From the data below, return each line in which the string "diagram" is found.

DATASET RECORDS START

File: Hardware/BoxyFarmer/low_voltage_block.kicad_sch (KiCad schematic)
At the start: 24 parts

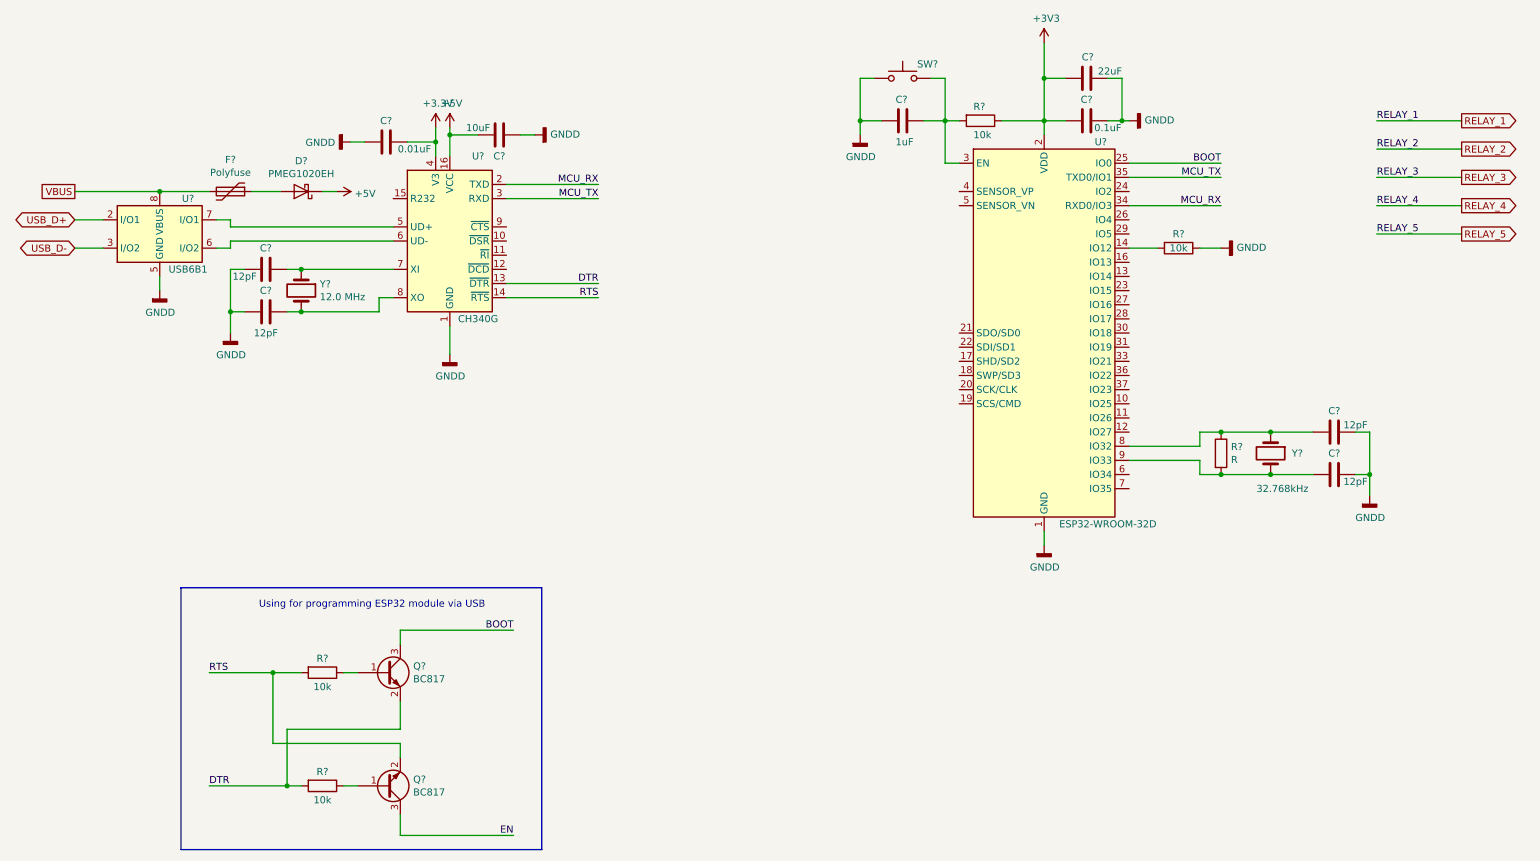
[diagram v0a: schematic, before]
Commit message: Changed Schematic structure, USB connector type changed from MicroUSB to MiniUSB
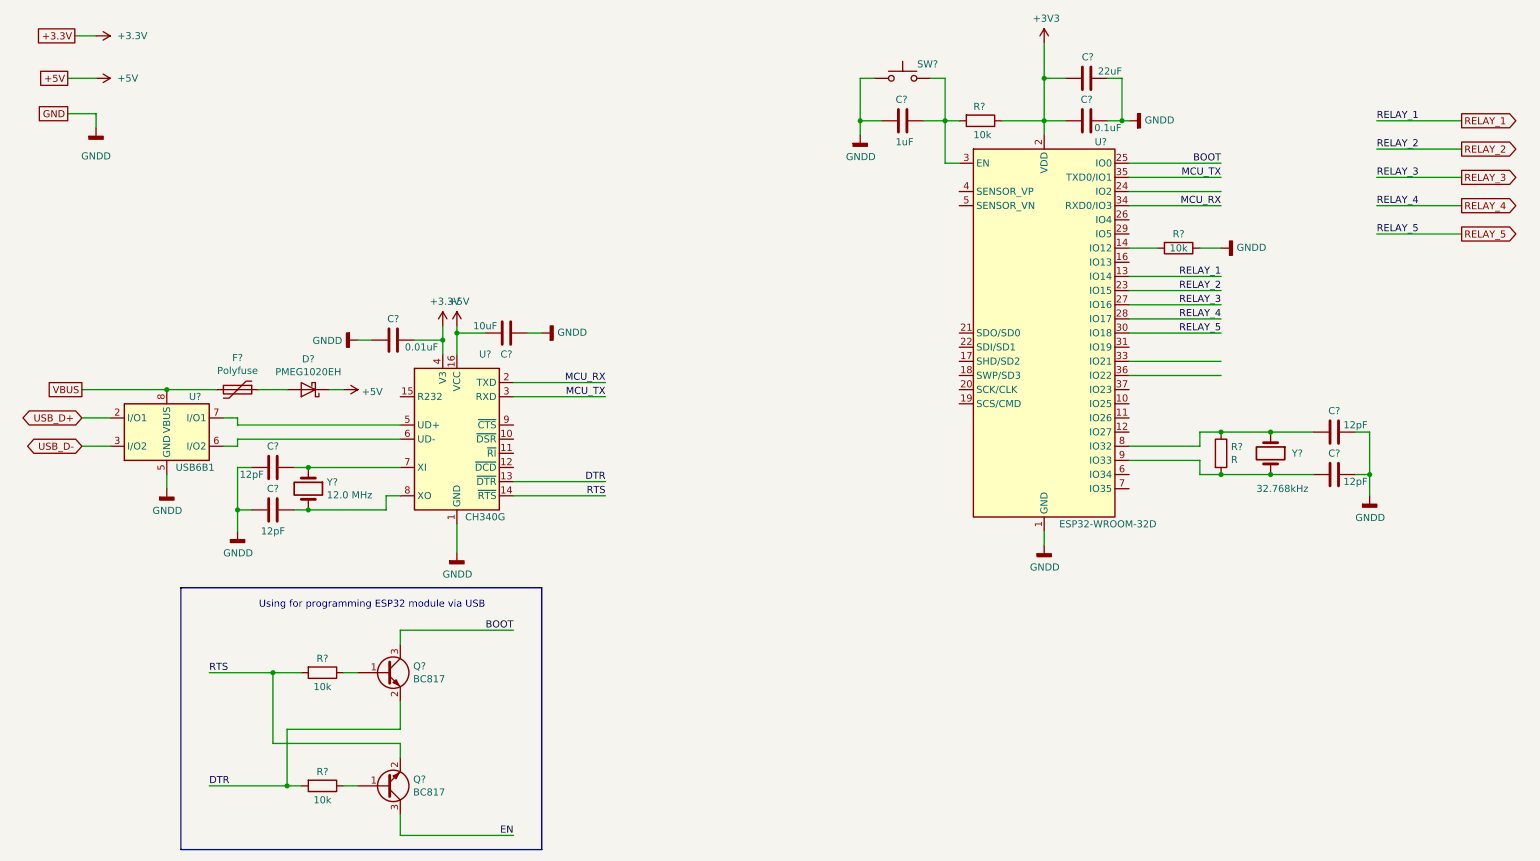
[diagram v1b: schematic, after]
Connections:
- net RELAY_1: now also U?.13 (IO14)
- net RELAY_2: now also U?.23 (IO15)
- net RELAY_3: now also U?.27 (IO16)
- net RELAY_4: now also U?.28 (IO17)
- net RELAY_5: now also U?.30 (IO18)
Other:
- title: (none) -> BoxyFarmer
- moved on the sheet: C?, D?, F?, U?, Y?

DATASET RECORDS END

ANSWER SECTION:
[diagram v0a: schematic, before]
[diagram v1b: schematic, after]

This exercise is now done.